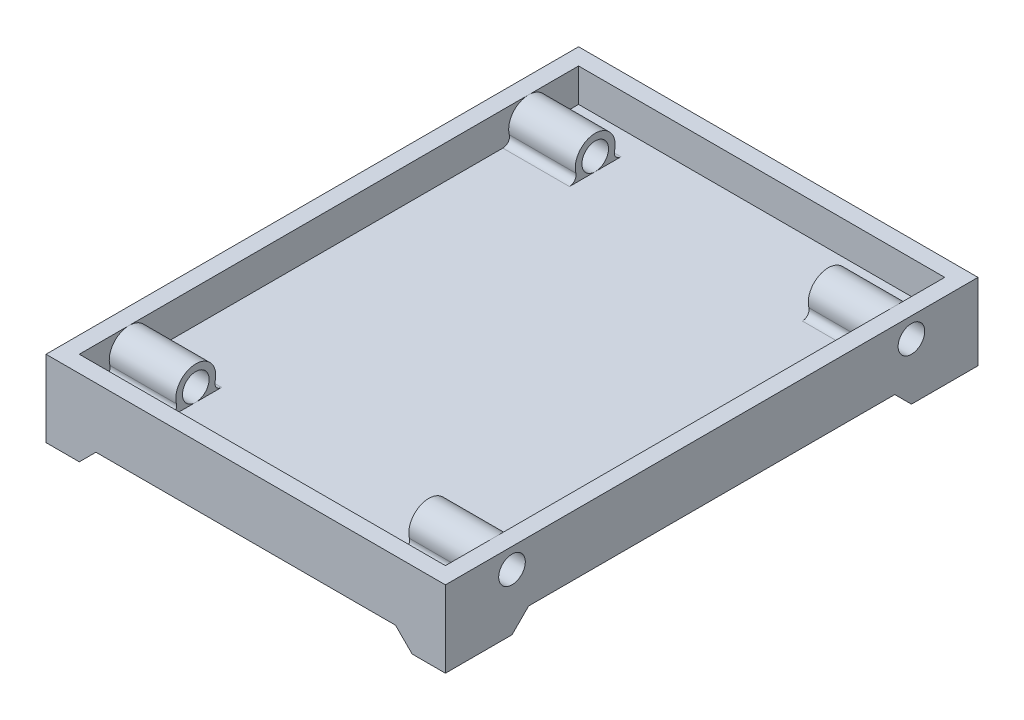
SolidWorks part; units mm, degrees
ref_plane "Front Plane" through (0, 0, 0) normal (0, 0, 1) x (1, 0, 0)
ref_plane "Top Plane" through (0, 0, 0) normal (0, 1, 0) x (1, 0, 0)
ref_plane "Right Plane" through (0, 0, 0) normal (1, 0, 0) x (0, 0, -1)
sketch "Sketch1" plane through (0, 0, 0) normal (0, 1, 0) x (1, 0, 0)
  line L1 (0, 0) -> (76.2, 0)
  line L2 (0, 0) -> (0, 101.6)
  line L3 (0, 101.6) -> (76.2, 101.6)
  line L4 (76.2, 0) -> (76.2, 101.6)
  dimension "D1" = 101.6
  dimension "D2" = 76.2
extrude "Boss-Extrude1" add sketch "Sketch1" along normal blind 5.08
sketch "Sketch4" plane through (0, 5.08, 0) normal (0, 1, 0) x (1, 0, 0)
  line L0 (0, 101.6) -> (0, 0) construction
  line L1 (3.175, 98.425) -> (73.025, 98.425)
  line L2 (3.175, 98.425) -> (3.175, 3.175)
  line L3 (3.175, 3.175) -> (73.025, 3.175)
  line L4 (73.025, 98.425) -> (73.025, 3.175)
  line L5 (76.2, 0) -> (76.2, 101.6) construction
  line L6 (0, 0) -> (76.2, 0) construction
  line L7 (76.2, 101.6) -> (0, 101.6) construction
  line L9 (0, 101.6) -> (76.2, 101.6)
  line L10 (0, 101.6) -> (0, 0)
  line L11 (0, 0) -> (76.2, 0)
  line L12 (76.2, 101.6) -> (76.2, 0)
  dimension "D1" = 3.175
  dimension "D2" = 3.175
  dimension "D3" = 3.175
  dimension "D4" = 3.175
extrude "Boss-Extrude3" add sketch "Sketch4" along normal blind 6.35
sketch "Sketch5" plane through (76.2, 0, 0) normal (1, 0, 0) x (0, 0, -1)
  line L4 (0, 0) -> (101.6, 0) construction
  line L5 (0, 11.43) -> (0, 0) construction
  line L6 (101.6, 11.43) -> (101.6, 0) construction
  circle A0 centre (12.7, 7.62) radius 2.54
  circle A1 centre (12.7, 7.62) radius 3.81
  circle A2 centre (88.9, 7.62) radius 2.54
  circle A3 centre (88.9, 7.62) radius 3.81
  point P12 (0, 0)
  dimension "D1" = 7.62
  dimension "D2" = 5.08
  dimension "D3" = 7.62
  dimension "D4" = 12.7
  dimension "D5" = 12.7
extrude "Boss-Extrude4" add sketch "Sketch5" against normal up to surface (73.025 mm away) up to face at (3.175, 8.255, -50.8)
sketch "Sketch6" plane through (76.2, 0, 0) normal (1, 0, 0) x (0, 0, -1)
  circle A0 centre (12.7, 7.62) radius 2.54
  circle A1 centre (88.9, 7.62) radius 2.54
  dimension "D1" = 5.08
extrude "Cut-Extrude2" cut sketch "Sketch6" against normal through all
sketch "Sketch7" plane through (0, 5.08, 0) normal (0, 1, 0) x (1, 0, 0)
  line L0 (73.025, 98.425) -> (3.175, 98.425) construction
  line L1 (15.875, 98.425) -> (60.325, 98.425)
  line L2 (15.875, 98.425) -> (15.875, 3.175)
  line L3 (15.875, 3.175) -> (60.325, 3.175)
  line L4 (60.325, 98.425) -> (60.325, 3.175)
  line L5 (3.175, 3.175) -> (73.025, 3.175) construction
  line L6 (3.175, 88.9) -> (3.175, 12.7) construction
  line L7 (73.025, 3.175) -> (73.025, 9.8602) construction
  dimension "D1" = 12.7
  dimension "D2" = 12.7
extrude "Cut-Extrude3" cut sketch "Sketch7" along normal through all
fillet "Fillet1" radius 1.27 8 edges at (66.675, 5.08, -9.8602) (66.675, 5.08, -15.5398) (66.675, 5.08, -91.7398) (9.525, 5.08, -91.7398) (9.525, 5.08, -9.8602) (9.525, 5.08, -86.0602) (9.525, 5.08, -15.5398) (66.675, 5.08, -86.0602)
sketch "Sketch8" plane through (0, 0, 0) normal (0, -1, 0) x (1, 0, 0)
  line L0 (0, -50.8) -> (76.2, -50.8)
  line L1 (0, 0) -> (6.35, 0)
  line L2 (0, 0) -> (0, -12.7)
  line L3 (0, -12.7) -> (6.35, -12.7)
  line L4 (6.35, 0) -> (6.35, -12.7)
  line L5 (76.2, 0) -> (69.85, 0)
  line L6 (76.2, 0) -> (76.2, -12.7)
  line L7 (76.2, -12.7) -> (69.85, -12.7)
  line L8 (69.85, 0) -> (69.85, -12.7)
  line L9 (0, -101.6) -> (0, 0) construction
  line L10 (76.2, 0) -> (76.2, -101.6) construction
  line L11 (69.85, -101.6) -> (69.85, -88.9)
  line L12 (76.2, -88.9) -> (69.85, -88.9)
  line L13 (76.2, -101.6) -> (76.2, -88.9)
  line L14 (76.2, -101.6) -> (69.85, -101.6)
  line L15 (6.35, -101.6) -> (6.35, -88.9)
  line L16 (0, -88.9) -> (6.35, -88.9)
  line L17 (0, -101.6) -> (0, -88.9)
  line L18 (0, -101.6) -> (6.35, -101.6)
  line M6 (0, 0) -> (0, -101.6)
  line M7 (0, -101.6) -> (76.2, -101.6)
  line M8 (76.2, -101.6) -> (76.2, 0)
  line M9 (76.2, 0) -> (0, 0)
  dimension "D1" = 12.7
  dimension "D2" = 6.35
extrude "Boss-Extrude5" add sketch "Sketch8" along normal blind 3.175 contours L8 L7 M9 M8 | L12 L11 M8 M7 | L16 L15 M6 M7 | L4 L3 L2 L1 region at (3.175, 0, -95.25) region at (73.025, 0, -95.25) region at (73.025, 0, -6.35)
chamfer "Chamfer1" distance 3.175 angle 45 8 edges at (69.85, 0, -95.25) (73.025, 0, -88.9) (69.85, 0, -6.35) (73.025, 0, -12.7) (3.175, 0, -12.7) (6.35, 0, -6.35) (3.175, 0, -88.9) (6.35, 0, -95.25)
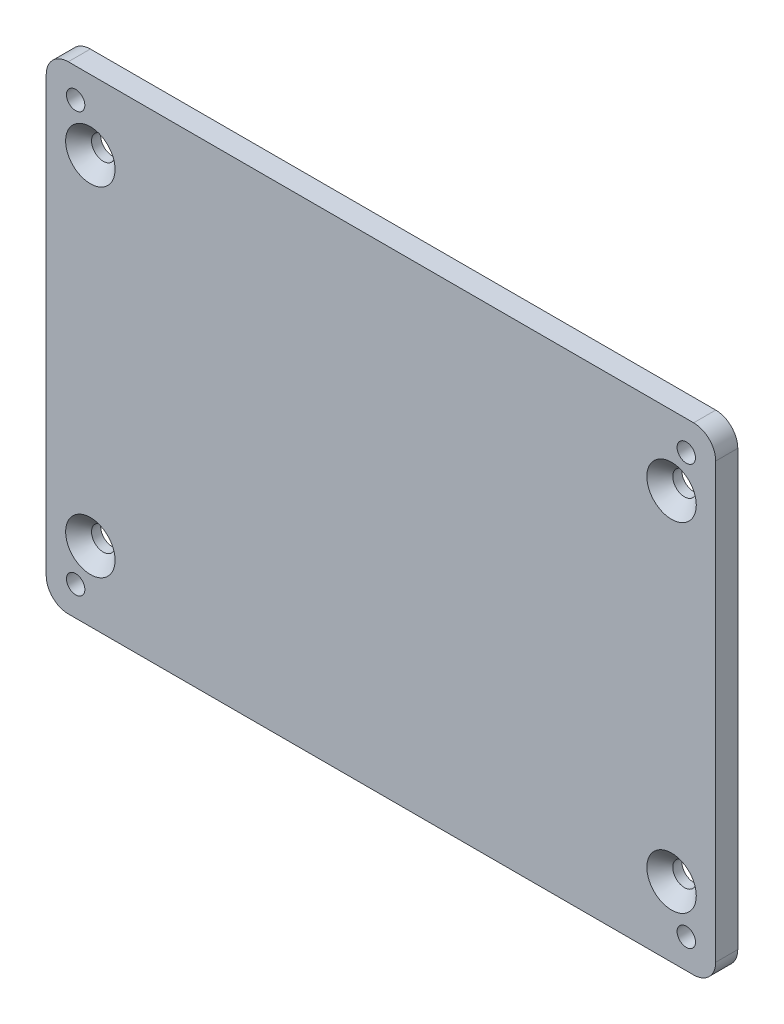
SolidWorks part; units mm, degrees
material "6061-T6 (SS)"
ref_plane "Front Plane" through (0, 0, 0) normal (0, 0, 1) x (1, 0, 0)
ref_plane "Top Plane" through (0, 0, 0) normal (0, 1, 0) x (1, 0, 0)
ref_plane "Right Plane" through (0, 0, 0) normal (1, 0, 0) x (0, 0, -1)
sketch "Sketch1" plane through (0, 0, 0) normal (0, 0, 1) x (1, 0, 0)
  line L1 (45.5, -32.5) -> (-45.5, -32.5)
  line L2 (45.5, -32.5) -> (45.5, 32.5)
  line L3 (45.5, 32.5) -> (-45.5, 32.5)
  line L4 (-45.5, -32.5) -> (-45.5, 32.5)
  line L5 (45.5, -32.5) -> (-45.5, 32.5) construction
  line L6 (45.5, 32.5) -> (-45.5, -32.5) construction
  point P0 (0, 0)
  dimension "D1" = 91
  dimension "D2" = 65
extrude "Boss-Extrude1" add sketch "Sketch1" along normal blind 3
sketch "Sketch2" plane through (0, 0, 3) normal (0, 0, 1) x (1, 0, 0)
  line L1 (41.5, -28.5) -> (-41.5, -28.5)
  line L2 (41.5, -28.5) -> (41.5, 28.5)
  line L3 (41.5, 28.5) -> (-41.5, 28.5)
  line L4 (-41.5, -28.5) -> (-41.5, 28.5)
  line L5 (41.5, -28.5) -> (-41.5, 28.5) construction
  line L6 (41.5, 28.5) -> (-41.5, -28.5) construction
  point P0 (0, 0)
  dimension "D1" = 57
  dimension "D2" = 83
hole_wizard "Tap Drill for M3x0.5 Tap1" positions "Sketch3" profile "Sketch4" hole size "M3x0.5" standard "ANSI Metric" end condition through all
sketch "Sketch3" plane through (0, 0, 3) normal (0, 0, 1) x (1, 0, 0)
  point P0 (-41.5, 28.5)
  point P3 (41.5, 28.5)
  point P6 (41.5, -28.5)
  point P9 (-41.5, -28.5)
sketch "Sketch4" plane through (-41.5, 28.5, 3) normal (1, 0, 0) x (0, -1, 0)
  line L0 (0, 0) -> (0, 3)
  line L1 (0, 3) -> (1.25, 3)
  line L2 (1.25, 3) -> (1.25, 0)
  line L5 (1.25, 0) -> (0, 0)
  line L11 (0, -6.35) -> (0, 107.95) construction
  dimension "Thru Hole Dia." = 2.5
  dimension "Thru Hole Depth" = 3
fillet "Fillet1" radius 3 4 edges at (45.5, 32.5, 1.5) (45.5, -32.5, 1.5) (-45.5, -32.5, 1.5) (-45.5, 32.5, 1.5)
sketch "Sketch5" plane through (0, 0, 3) normal (0, 0, 1) x (1, 0, 0)
  line L0 (-45.5, 29.5) -> (-45.5, -29.5) construction
  line L1 (39.5, -23) -> (-39.5, -23)
  line L2 (39.5, -23) -> (39.5, 23)
  line L3 (39.5, 23) -> (-39.5, 23)
  line L4 (-39.5, -23) -> (-39.5, 23)
  line L5 (39.5, -23) -> (-39.5, 23) construction
  line L6 (39.5, 23) -> (-39.5, -23) construction
  point P0 (0, 0)
  dimension "D1" = 6
  dimension "D2" = 46
hole_wizard "CSK for M3 SFHCS1" positions "Sketch6" profile "Sketch7" countersink size "M3" standard "ANSI Metric" end condition through all
sketch "Sketch6" plane through (0, 0, 3) normal (0, 0, 1) x (1, 0, 0)
  point P0 (-39.5, 23)
  point P3 (-39.5, -23)
  point P6 (39.5, -23)
  point P9 (39.5, 23)
sketch "Sketch7" plane through (-39.5, 23, 3) normal (1, 0, 0) x (0, -1, 0)
  line L0 (0, 0) -> (0, 3)
  line L1 (0, 3) -> (1.6, 3)
  line L2 (1.6, 3) -> (1.6, 1.76)
  line L3 (1.6, 1.76) -> (3.36, 0)
  line L5 (3.36, 0) -> (0, 0)
  line L6 (-1.6, 1.76) -> (-3.36, 0) construction
  line L11 (0, -6.35) -> (0, 107.95) construction
  dimension "Thru Hole Dia." = 3.2
  dimension "Thru Hole Depth" = 3
  dimension "Near C'Sink Dia." = 6.72
  dimension "Near C'Sink Angle" = 90

==========

§ PROBLEM:
If a line in the records contains the word "Near", copy it out.

§ RESPONSE BOX:
  dimension "Near C'Sink Dia." = 6.72
  dimension "Near C'Sink Angle" = 90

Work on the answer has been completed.